A cold blast of air came in when the door opened. Celia glanced over and saw a man in overalls and a parka coming in. Keeping his coat on, the man slid onto a stool and briskly rubbed his hands. “Tenant blows uppa his stove and blamesa me. On a Thanksgivinaday, this I don’t need.”

Celia poured him a draft.

The second bartender for the night shift appeared. “Sorry I’m late, Celia.”

“You haven’t missed much,” she said, putting ingredients for the daiquiri, margaritas and mudslide in three of the bar’s six blenders and passing the order on to him because it was time for her break.

“Think it’ll get busier?”

“Not until nine, when people get back into the city,” she said, untying her apron and putting it under the bar. She went into the kitchen where, as usual, the crew was careening about swearing in different languages. (Their chef’s dyslexia was pretty bad.) Celia walked over to the dishwashing area. “Jason,” she called, and then she left the kitchen and headed for Mark’s office. She unlocked the door and went in.

She was standing examining the shift calendar on the wall when he knocked. “Come in and close the door,” she told him.

He did as he was told.

“And lock it,” she added, walking over. While he was turning the dead bolt Celia placed her hand on the small of his back and felt him freeze. “Yes, I want to,” she whispered into his ear. “Very much.” She let her hand slide down and smiled to herself. Amazing.

She led Jason over to the low filing cabinet that also served as a makeshift table in the office. She sat down and pulled him to stand between her legs. And looked up at him. And smiled.

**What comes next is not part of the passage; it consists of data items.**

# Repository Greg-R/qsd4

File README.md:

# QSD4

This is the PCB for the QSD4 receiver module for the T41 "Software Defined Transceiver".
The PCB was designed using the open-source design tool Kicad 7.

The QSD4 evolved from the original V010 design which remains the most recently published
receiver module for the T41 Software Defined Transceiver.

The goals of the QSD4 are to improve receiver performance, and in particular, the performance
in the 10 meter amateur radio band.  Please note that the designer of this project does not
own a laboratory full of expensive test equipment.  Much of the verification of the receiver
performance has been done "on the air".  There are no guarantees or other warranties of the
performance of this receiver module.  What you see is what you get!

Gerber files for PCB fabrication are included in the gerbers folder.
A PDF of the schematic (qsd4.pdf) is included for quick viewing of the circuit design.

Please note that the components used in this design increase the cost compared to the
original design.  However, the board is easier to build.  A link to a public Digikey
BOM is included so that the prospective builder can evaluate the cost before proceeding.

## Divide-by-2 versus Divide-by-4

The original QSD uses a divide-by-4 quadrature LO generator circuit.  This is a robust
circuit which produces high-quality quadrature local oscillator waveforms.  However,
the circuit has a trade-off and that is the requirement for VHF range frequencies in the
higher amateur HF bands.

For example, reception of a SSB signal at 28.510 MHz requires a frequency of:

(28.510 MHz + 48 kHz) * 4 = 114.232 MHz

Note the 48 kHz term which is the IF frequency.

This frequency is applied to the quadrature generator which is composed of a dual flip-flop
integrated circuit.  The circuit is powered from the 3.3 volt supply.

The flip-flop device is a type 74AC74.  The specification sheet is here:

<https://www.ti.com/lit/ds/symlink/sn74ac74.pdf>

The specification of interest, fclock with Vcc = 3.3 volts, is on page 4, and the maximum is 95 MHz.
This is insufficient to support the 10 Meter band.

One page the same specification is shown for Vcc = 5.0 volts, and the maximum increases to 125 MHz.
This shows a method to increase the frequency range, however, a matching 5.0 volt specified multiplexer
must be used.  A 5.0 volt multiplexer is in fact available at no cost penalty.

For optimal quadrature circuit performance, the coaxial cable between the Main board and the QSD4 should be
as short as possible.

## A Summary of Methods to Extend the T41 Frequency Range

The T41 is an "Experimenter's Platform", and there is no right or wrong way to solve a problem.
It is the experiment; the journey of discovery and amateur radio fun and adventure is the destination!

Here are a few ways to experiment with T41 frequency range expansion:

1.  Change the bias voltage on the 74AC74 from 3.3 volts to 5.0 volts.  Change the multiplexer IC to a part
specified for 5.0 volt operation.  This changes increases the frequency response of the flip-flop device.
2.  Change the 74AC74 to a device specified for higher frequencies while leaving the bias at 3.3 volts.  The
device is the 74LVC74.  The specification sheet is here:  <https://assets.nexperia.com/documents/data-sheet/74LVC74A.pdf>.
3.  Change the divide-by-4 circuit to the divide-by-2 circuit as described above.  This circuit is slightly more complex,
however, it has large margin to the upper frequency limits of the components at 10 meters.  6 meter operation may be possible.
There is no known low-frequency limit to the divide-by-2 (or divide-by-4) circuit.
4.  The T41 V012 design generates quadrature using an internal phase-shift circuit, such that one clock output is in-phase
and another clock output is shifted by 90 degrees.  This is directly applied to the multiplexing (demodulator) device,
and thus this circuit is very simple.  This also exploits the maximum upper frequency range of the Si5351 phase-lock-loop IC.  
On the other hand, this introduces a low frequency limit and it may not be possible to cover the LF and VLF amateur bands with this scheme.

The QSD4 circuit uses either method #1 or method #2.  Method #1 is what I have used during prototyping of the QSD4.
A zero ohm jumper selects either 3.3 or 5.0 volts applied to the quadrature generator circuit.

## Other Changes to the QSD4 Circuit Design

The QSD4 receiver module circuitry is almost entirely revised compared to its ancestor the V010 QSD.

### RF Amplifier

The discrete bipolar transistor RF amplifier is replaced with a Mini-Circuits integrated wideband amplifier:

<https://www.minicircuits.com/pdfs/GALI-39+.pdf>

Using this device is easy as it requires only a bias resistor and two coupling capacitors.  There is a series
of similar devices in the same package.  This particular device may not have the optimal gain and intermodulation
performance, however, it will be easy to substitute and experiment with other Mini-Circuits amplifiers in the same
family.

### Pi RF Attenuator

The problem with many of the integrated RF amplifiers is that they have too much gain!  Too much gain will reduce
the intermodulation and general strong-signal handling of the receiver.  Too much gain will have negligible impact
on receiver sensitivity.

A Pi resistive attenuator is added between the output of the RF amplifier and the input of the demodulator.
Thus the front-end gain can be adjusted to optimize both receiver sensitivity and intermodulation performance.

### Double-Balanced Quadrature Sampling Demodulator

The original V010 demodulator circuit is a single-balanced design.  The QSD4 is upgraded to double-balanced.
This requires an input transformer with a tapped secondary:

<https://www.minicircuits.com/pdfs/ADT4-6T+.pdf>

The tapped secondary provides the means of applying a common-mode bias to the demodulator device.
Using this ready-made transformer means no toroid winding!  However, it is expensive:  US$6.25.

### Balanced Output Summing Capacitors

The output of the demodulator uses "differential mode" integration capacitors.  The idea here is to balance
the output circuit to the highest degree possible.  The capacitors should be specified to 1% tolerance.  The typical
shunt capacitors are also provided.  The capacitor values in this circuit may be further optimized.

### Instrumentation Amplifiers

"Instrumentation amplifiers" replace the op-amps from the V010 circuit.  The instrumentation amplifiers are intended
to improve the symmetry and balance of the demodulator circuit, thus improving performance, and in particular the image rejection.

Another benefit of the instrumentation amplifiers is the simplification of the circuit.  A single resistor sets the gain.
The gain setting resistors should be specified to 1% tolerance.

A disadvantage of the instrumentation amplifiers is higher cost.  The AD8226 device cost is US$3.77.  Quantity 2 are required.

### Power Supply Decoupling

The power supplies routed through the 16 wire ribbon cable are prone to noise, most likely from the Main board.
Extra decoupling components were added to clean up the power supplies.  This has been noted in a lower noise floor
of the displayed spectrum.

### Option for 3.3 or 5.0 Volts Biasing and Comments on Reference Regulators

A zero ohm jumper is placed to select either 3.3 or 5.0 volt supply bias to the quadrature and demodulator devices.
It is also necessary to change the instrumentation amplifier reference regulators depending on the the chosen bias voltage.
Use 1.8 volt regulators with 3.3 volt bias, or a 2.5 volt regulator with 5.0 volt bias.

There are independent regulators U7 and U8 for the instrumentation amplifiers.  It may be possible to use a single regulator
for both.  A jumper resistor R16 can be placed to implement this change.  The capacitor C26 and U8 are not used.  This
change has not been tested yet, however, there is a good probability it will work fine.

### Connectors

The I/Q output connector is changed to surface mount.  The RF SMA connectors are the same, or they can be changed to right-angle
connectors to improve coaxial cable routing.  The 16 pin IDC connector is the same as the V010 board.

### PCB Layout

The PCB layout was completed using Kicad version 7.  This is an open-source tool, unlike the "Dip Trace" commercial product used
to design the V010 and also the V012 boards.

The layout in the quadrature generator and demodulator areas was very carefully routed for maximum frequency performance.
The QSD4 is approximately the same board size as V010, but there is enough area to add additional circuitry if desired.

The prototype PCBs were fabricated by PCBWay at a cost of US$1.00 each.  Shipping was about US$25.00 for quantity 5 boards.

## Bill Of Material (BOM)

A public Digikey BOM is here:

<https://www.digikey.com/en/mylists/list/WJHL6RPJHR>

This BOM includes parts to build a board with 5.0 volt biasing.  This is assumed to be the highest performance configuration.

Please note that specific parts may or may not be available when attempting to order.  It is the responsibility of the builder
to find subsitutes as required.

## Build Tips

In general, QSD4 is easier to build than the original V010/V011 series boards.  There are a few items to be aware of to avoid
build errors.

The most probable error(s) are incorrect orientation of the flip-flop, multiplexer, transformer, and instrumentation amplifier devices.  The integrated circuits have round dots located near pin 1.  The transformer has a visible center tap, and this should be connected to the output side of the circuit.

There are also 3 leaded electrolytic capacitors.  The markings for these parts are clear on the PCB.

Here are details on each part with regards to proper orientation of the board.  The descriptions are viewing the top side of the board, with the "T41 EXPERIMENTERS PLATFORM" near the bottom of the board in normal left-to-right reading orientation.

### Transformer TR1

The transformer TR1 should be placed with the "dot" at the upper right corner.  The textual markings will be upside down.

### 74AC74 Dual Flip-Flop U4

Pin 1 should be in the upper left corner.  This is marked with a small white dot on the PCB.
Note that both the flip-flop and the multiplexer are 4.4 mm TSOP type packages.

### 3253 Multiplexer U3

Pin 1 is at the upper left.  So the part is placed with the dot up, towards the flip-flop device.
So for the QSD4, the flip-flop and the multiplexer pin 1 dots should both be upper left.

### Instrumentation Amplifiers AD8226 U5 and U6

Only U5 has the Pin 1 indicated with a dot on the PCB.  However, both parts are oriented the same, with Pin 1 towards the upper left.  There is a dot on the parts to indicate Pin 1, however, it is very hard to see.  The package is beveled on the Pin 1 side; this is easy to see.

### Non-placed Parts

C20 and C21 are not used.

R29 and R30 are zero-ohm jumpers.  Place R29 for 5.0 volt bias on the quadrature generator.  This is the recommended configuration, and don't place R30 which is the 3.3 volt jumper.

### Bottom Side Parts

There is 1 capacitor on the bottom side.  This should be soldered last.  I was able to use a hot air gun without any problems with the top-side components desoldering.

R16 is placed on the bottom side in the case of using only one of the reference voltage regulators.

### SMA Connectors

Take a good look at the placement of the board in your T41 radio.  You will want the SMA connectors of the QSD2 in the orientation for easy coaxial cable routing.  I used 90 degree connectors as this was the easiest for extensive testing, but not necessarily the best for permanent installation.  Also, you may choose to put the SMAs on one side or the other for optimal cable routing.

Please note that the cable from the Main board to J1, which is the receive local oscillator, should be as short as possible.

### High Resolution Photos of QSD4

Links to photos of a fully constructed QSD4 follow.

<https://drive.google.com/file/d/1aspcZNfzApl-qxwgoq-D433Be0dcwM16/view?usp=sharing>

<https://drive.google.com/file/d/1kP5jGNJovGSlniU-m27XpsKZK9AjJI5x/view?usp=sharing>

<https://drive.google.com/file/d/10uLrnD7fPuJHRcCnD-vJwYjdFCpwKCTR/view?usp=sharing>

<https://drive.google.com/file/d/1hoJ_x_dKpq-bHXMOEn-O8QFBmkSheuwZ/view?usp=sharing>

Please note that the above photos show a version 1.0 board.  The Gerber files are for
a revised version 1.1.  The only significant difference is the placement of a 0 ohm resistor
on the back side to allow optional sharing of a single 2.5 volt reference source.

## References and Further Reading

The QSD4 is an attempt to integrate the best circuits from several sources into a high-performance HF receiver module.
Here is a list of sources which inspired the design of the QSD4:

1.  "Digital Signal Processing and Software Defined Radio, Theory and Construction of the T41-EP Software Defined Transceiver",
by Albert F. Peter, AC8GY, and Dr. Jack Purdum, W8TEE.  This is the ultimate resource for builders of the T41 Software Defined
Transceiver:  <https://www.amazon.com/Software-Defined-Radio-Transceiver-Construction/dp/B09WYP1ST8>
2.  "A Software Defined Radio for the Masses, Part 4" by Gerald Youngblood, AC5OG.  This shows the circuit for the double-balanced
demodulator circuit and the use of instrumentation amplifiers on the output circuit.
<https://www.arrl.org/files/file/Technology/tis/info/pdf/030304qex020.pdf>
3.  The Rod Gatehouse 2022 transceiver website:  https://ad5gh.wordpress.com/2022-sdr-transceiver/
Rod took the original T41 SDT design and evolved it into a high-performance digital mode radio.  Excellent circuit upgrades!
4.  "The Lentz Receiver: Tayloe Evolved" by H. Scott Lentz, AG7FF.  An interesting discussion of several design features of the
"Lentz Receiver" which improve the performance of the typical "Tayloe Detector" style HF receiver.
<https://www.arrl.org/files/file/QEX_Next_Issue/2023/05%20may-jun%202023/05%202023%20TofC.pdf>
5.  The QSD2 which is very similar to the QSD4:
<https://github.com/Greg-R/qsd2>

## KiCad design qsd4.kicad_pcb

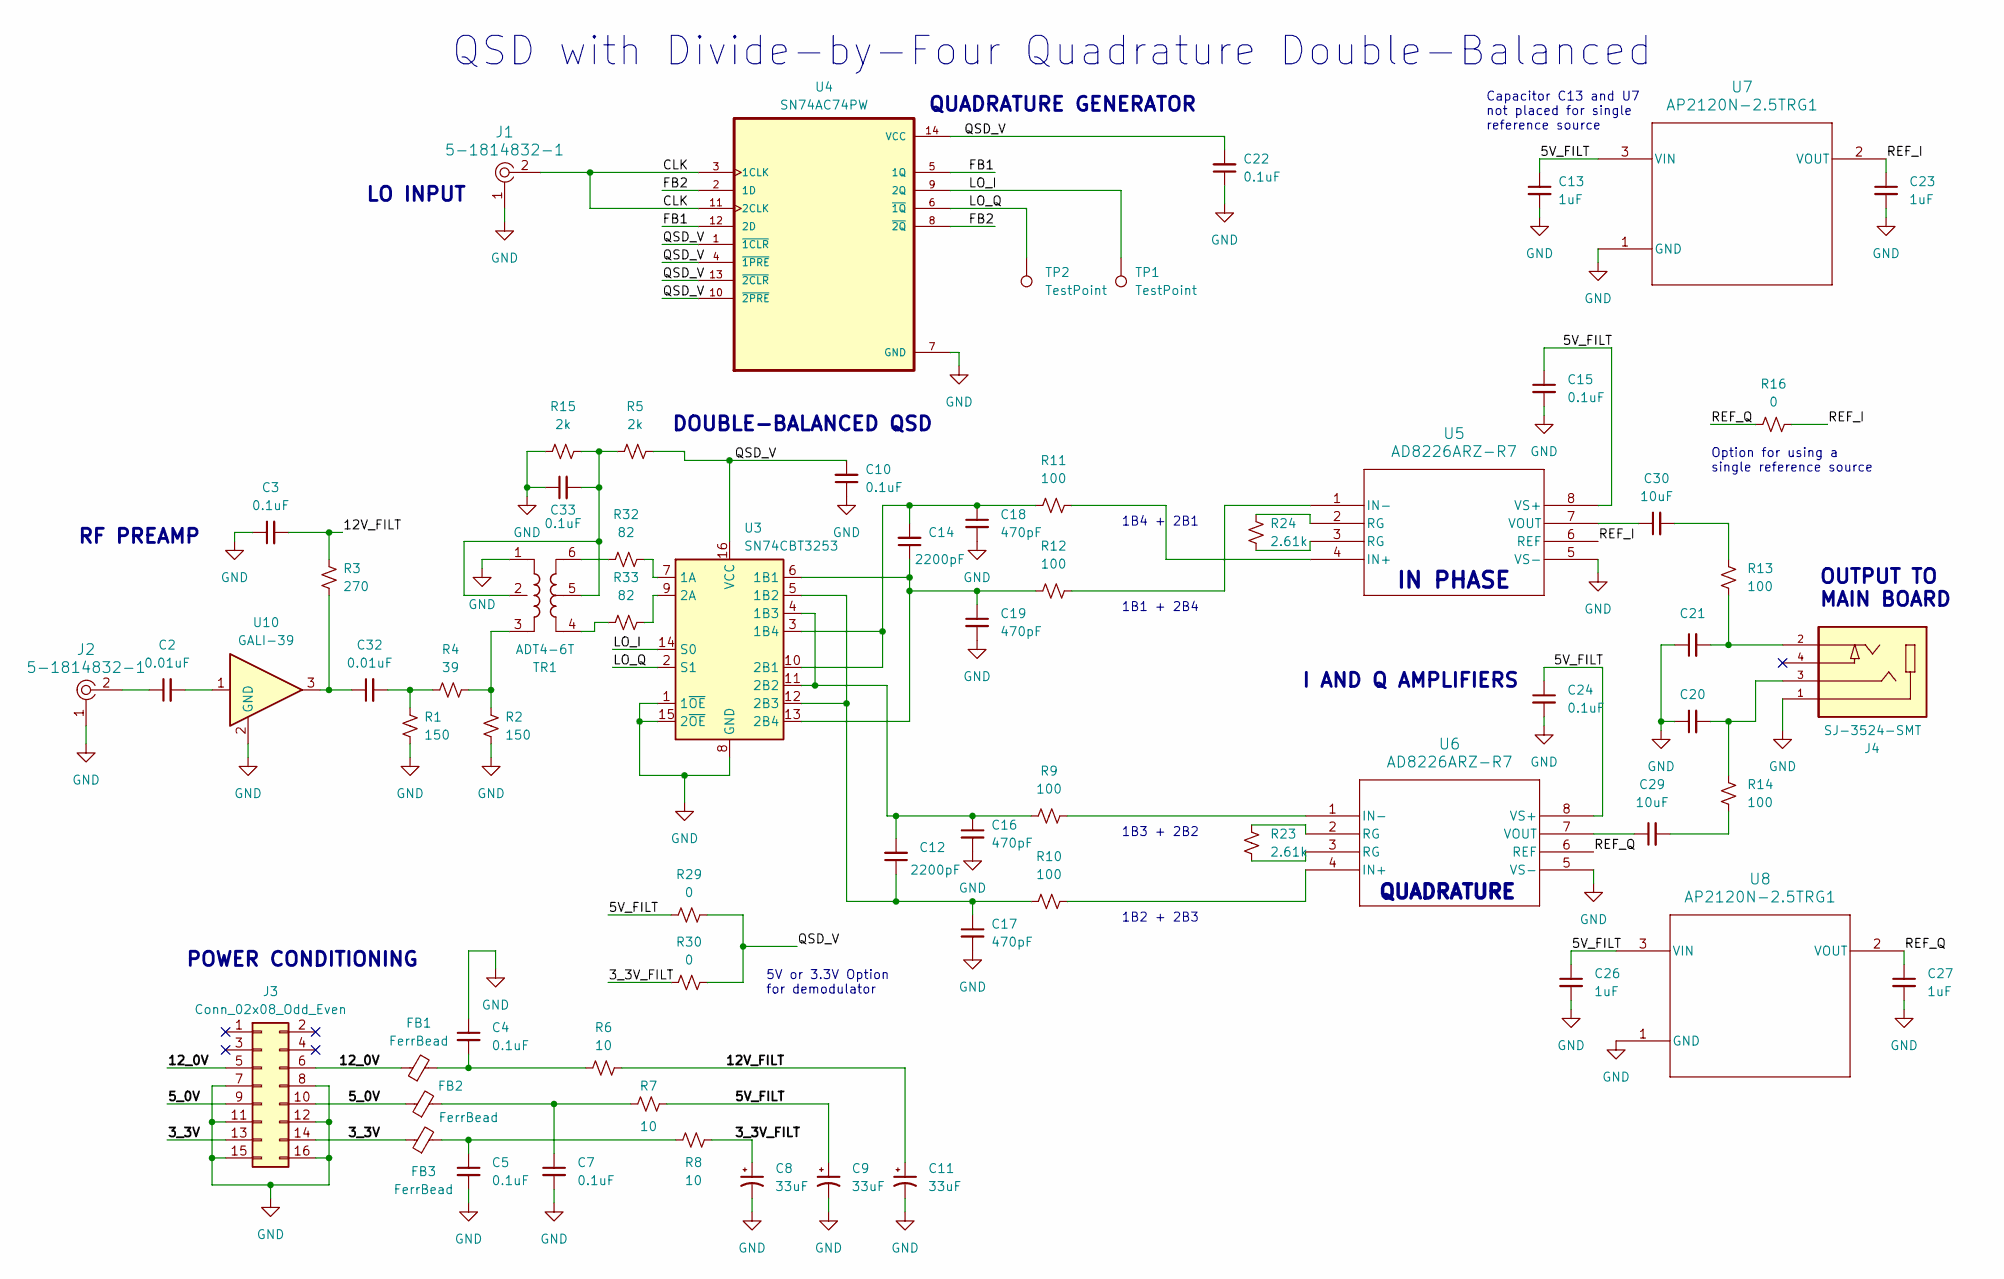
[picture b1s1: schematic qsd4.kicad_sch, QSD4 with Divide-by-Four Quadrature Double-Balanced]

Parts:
C2, C32: 0.01uF; C_1206_3216Metric
C3, C4, C5, C7, C10, C15, C22, C24, C33: 0.1uF; C_1206_3216Metric
C8, C9, C11: 33uF; CP_Radial_D5.0mm_P2.00mm
C12, C14: 2200pF; C_1206_3216Metric
C13, C23, C26, C27: 1uF; C_1206_3216Metric
C16, C17, C18, C19: 470pF; C_1206_3216Metric
C20, C21: C_1206_3216Metric
C29, C30: 10uF; C_1206_3216Metric
FB1, FB2, FB3: FerrBead; L_1206_3216Metric
J1, J2: 5-1814832-1; RF_SMA_Vertical_5-1814832-1; MPN 5-1814832-1; Digi-Key_PN A97594-ND
J3: Conn_02x08_Odd_Even; IDC-Header_2x08_P2.54mm_Vertical
J4: SJ-3524-SMT; CUI_SJ-3524-SMT; PARTREV 1.03
R1, R2: 150; R_1206_3216Metric
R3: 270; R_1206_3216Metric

The teenager’s eyes were half-closed and his breath ragged. It had been two weeks since the last time. While he just stood there Celia undid his belt, his pants, worked his zipper and then pulled his jeans down.

She took a sharp breath when she looked down. He tried to help her take his Jockey shorts down but his hands were trembling and Celia pretty much had to do it. As she sat back up it brushed the side of her face. She took hold of him and smiled, looking up. “You’re really something,” she whispered. Then she hastily stood up to take off her jeans and panties and moved back down onto the file cabinet. Jason grabbed at her thighs to pull her legs up and she scarcely had time to guide him into place before he shuddered and caved.

One of the hazards of an inexperienced teenage boy. The upside was Jason had been a virgin, free of disease, and now only knew the most acute desire to get into her. Which was fine with her.

“I’m sorry,” he whispered.

“It’s okay,” she whispered back, pulling his head down to rest on her shoulder, “because you still feel so good inside of me.” She was looking up at the clock. She had maybe ten minutes. She shifted, tightening her legs around Jason to keep him there, and started to whisper things to him. Nice things. About him, about his size and how he felt inside of her, about what she wanted him to do to her. It was not long before she felt him growing large again. The progress was slow but steady, and although he was not quite yet fully erect, she started moving against him because she had grown tremendously excited. He began thrusting back, making her moan a little, which got him more excited, and his increasingly harder thrusts made Celia’s hips start to rise. She told him what was happening to her, what she was feeling, and then Jason became almost frantic, rhythmically banging the cabinet into the wall. She cried softly into his neck as she came and then shuddered violently; moments later he grunted loudly and collapsed on Celia, damp with perspiration.

Celia rolled out from under Jason and went into Mark’s toilet to get some paper towels. She dampened some and used them to clean herself up and then wordlessly brought some out for Jason. She went back for the can of Glade and sprayed the air. It smelled of fake roses and when she looked at Jason they both laughed.